Ему тут же захотелось сплюнуть, да во рту было сухо. И зачем только вспомнил про неё? Променяла. Всю жизнь разорвала, как штанину на тряпки…

 Звук моторов стихал вдали.

– Хорошо. Вот, пускай теперь докажут… тца… что это не шелупонь юрасовская спичками баловалась. Может даже, эта вон самая...

– Почему шакалятся? Что за слово такое? – ещё раз спросил Артём, но Тоха не ответил.

Вставать Артёму не хотелось. Только сейчас он почувствовал, как с непривычки гудят ноги и нудно тянет в пояснице. Но он всё-таки встал, поднял блеснувшую алюминиевым боком канистру и поплёлся вслед за Тохой, угрюмо глядя себе под ноги. В затылке запульсировало с новой силой.

Темнело – казалось, что мир и без того серый, становился всё тусклее. Время от времени, отрывая взгляд от земли, Артём видел, как приближаются дома – их редкий деревянный порядок расходился в стороны, как мехи баяна.
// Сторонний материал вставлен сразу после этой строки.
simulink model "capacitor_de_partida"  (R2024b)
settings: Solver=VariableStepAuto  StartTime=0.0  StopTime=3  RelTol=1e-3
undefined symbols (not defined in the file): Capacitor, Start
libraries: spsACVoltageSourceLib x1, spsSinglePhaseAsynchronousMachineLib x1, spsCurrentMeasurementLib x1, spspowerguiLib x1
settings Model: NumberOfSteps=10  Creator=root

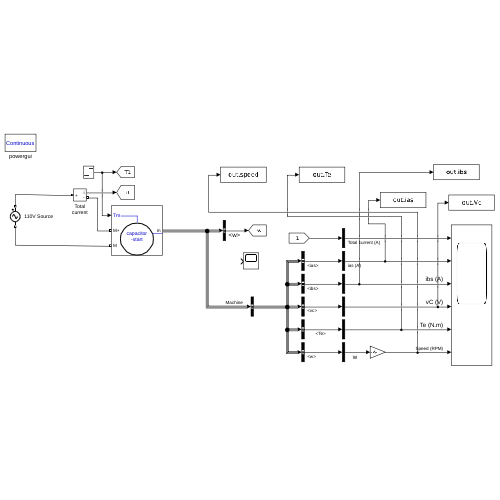
[thumbnail: Simulink's stored preview of the top-level diagram]
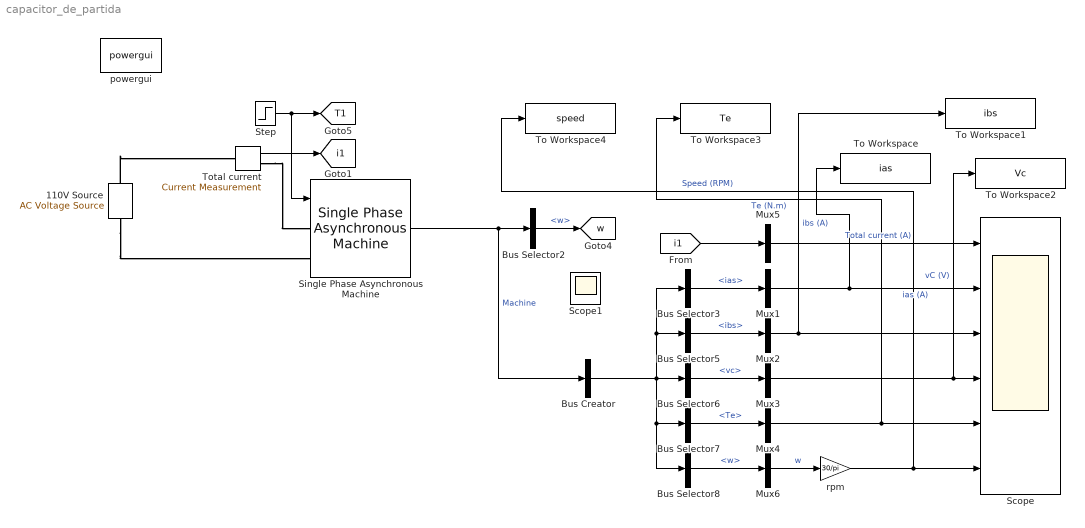
== system capacitor_de_partida ==
  110V Source : spsACVoltageSourceLib/AC Voltage Source  Amplitude=110*sqrt(2)  Phase=90  Frequency=60  SampleTime=0  Measurements=Voltage  BusType=swing  Pref=10e3  Qref=0  Qmin=-inf  Qmax=+inf
  Bus Creator : BusCreator  Inputs=1
  Bus Selector2 : BusSelector  OutputSignals=w
  Bus Selector3 : BusSelector  OutputSignals=Machine.ias
  Bus Selector5 : BusSelector  OutputSignals=Machine.ibs
  Bus Selector6 : BusSelector  OutputSignals=Machine.vc
  Bus Selector7 : BusSelector  OutputSignals=Machine.Te
  Bus Selector8 : BusSelector  OutputSignals=Machine.w
  Mux{1..6} (6 alike) : Mux  Inputs=1
  Scope : Scope  NumInputPorts=6
  Scope1 : Scope
  Single Phase Asynchronous Machine : spsSinglePhaseAsynchronousMachineLib/Single Phase Asynchronous Machine  MechanicalLoad=Torque Tm  UNITS=SI  MachineType=Capacitor-Start  MeasurementBus=on  NominalParameters="[ .25*746  110  60]"  MainWindingStator="[2.02  7.4e-3]"  MainWindingRotor="[4.12  5.6e-3]"  MutualInductance=0.177  AuxiliaryWinding=[7.14 8.54e-3]  Mechanical=[0.0146 0 2 1.18]  CapacitorStart="[2.15  255e-6]"  CapacitorRun=[0.04624 1592]  DisconnectionSpeed=75  InitialSpeed=0  DataType=SI  TsPowergui=0  TsBlock=-1
  Step : Step  Time=2  SampleTime=0
  To Workspace : ToWorkspace  VariableName=ias  SaveFormat=Timeseries  SampleTime=-1
  To Workspace1 : ToWorkspace  VariableName=ibs  SaveFormat=Timeseries  SampleTime=-1
  To Workspace2 : ToWorkspace  VariableName=Vc  SaveFormat=Timeseries  SampleTime=-1
  To Workspace3 : ToWorkspace  VariableName=Te  SaveFormat=Timeseries  SampleTime=-1
  To Workspace4 : ToWorkspace  VariableName=speed  SaveFormat=Timeseries  SampleTime=-1
  Total current : spsCurrentMeasurementLib/Current Measurement  PhasorSimulation=off  OutputType=Complex  PSBequivalent=0
  powergui : spspowerguiLib/powergui  SimulationMode=Continuous  SampleTime=1e-5  frequency=60  Iterations=50  frequencyindice=60  Pbase=100e6  ErrMax=1e-4  UnitsV=kV  UnitsW=MW  buscounter=0  FunctionMessages=off  echomessages=off  EnableUseOfTLC=off  CurrentSourceSwitches=off  DisableSnubberDevices=off  DisableRonSwitches=off  DisableVfSwitches=off  DisplayEquations=off  AutomaticDiscreteSolvers=off  SolverType=Tustin  Interpol=off  ExternalGateDelay=off  methode=off  Ts=0  x0status=blocks  SPID=on  SwTol=0  HookPort=off  NonlinearTolerance=1e-4  nMaxIteration=100  ContinueOnMaxIteration=off  RestoreLinks=warning  ResistiveCurrentMeasurement=off  Frange=[0:2:500]  Ylog=off  Xlog=on  ShowGrid=off  save=off  variable=ZData  structure=0  ZoomFFT=on  StartTime=0.0  cycles=1  DisplayStyle=1  fundamental=60  FreqAxis=off  MaxFrequency=1000  frequencyindicesteady=1  RmsSteady=1  display=off
  rpm : Gain  Gain=30/pi  SaturateOnIntegerOverflow=on  OutDataTypeStr=Inherit: Same as input  ParamDataTypeStr=Inherit: Same as input
  tag scope: T1=global, i1=global, w=global
  wires:
  Total current/1 -> [i1]
  Bus Selector3/1 -> Mux1/1  "<ias>"
  rpm/1 -> To Workspace4/1, Scope/6  "Speed (RPM)"
  Bus Selector7/1 -> Mux4/1  "<Te>"
  Bus Selector6/1 -> Mux3/1  "<vc>"
  Bus Selector8/1 -> Mux6/1  "<w>"
  Bus Selector5/1 -> Mux2/1  "<ibs>"
  Bus Creator/1 -> Bus Selector8/1, Bus Selector7/1, Bus Selector6/1, Bus Selector5/1, Bus Selector3/1
  Mux6/1 -> rpm/1  "w"
  Single Phase Asynchronous Machine/1 -> Bus Selector2/1, Bus Creator/1  "Machine"
  Bus Selector2/1 -> [w]  "<w>"
  Mux2/1 -> Scope/3, To Workspace1/1  "ibs (A)"
  Mux4/1 -> To Workspace3/1, Scope/5  "Te (N.m)"
  Mux3/1 -> To Workspace2/1, Scope/4  "vC (V)"
  [i1] -> Mux5/1
  Step/1 -> Single Phase Asynchronous Machine/1, [T1]
  Mux5/1 -> Scope/1  "Total current (A)"
  Mux1/1 -> To Workspace/1, Scope/2  "ias (A)"
  connections:
  Total current/RConn1 -- Single Phase Asynchronous Machine/LConn1
  110V Source/RConn1 -- Total current/LConn1
  110V Source/LConn1 -- Single Phase Asynchronous Machine/LConn2

Уже отсюда была видна их старость. Заросшие палисадники – то кустами одичавшей малины, то жёлтыми оползнями хмеля, то совсем непонятно чем. Голые деревья растопыривались узловатыми ветками: яблони, груши, сливы – отсюда не определить; лишь выделялись на фоне серости белые, как в мыльной пене, берёзки. А из всего этого плетенья стеблей и веток торчали железные колпаки крыш, да кусками порванных картинок виднелись фасады – некогда яркие, синие или красные, а теперь словно оттёртые пемзой. Вот выглядывал из кустов чёрный стеклянный глаз окна в толстой подводке резного наличника. Тут аккуратная ставенка. Кое-где на повёрнутых к улице фронтонах зияли небольшие провалы чердачных окошек. Вот сорванный жёлоб отлива повис нахмуренной бровью. Изредка проглядывались резные узоры на причелинах и еле видные отсюда зубцеватые «серёжки» на подзорах. Маленькие крылечки по-щенячьи прижимались к домам, сами напоминая маленькие домики двухскатными крышами, резными стойками.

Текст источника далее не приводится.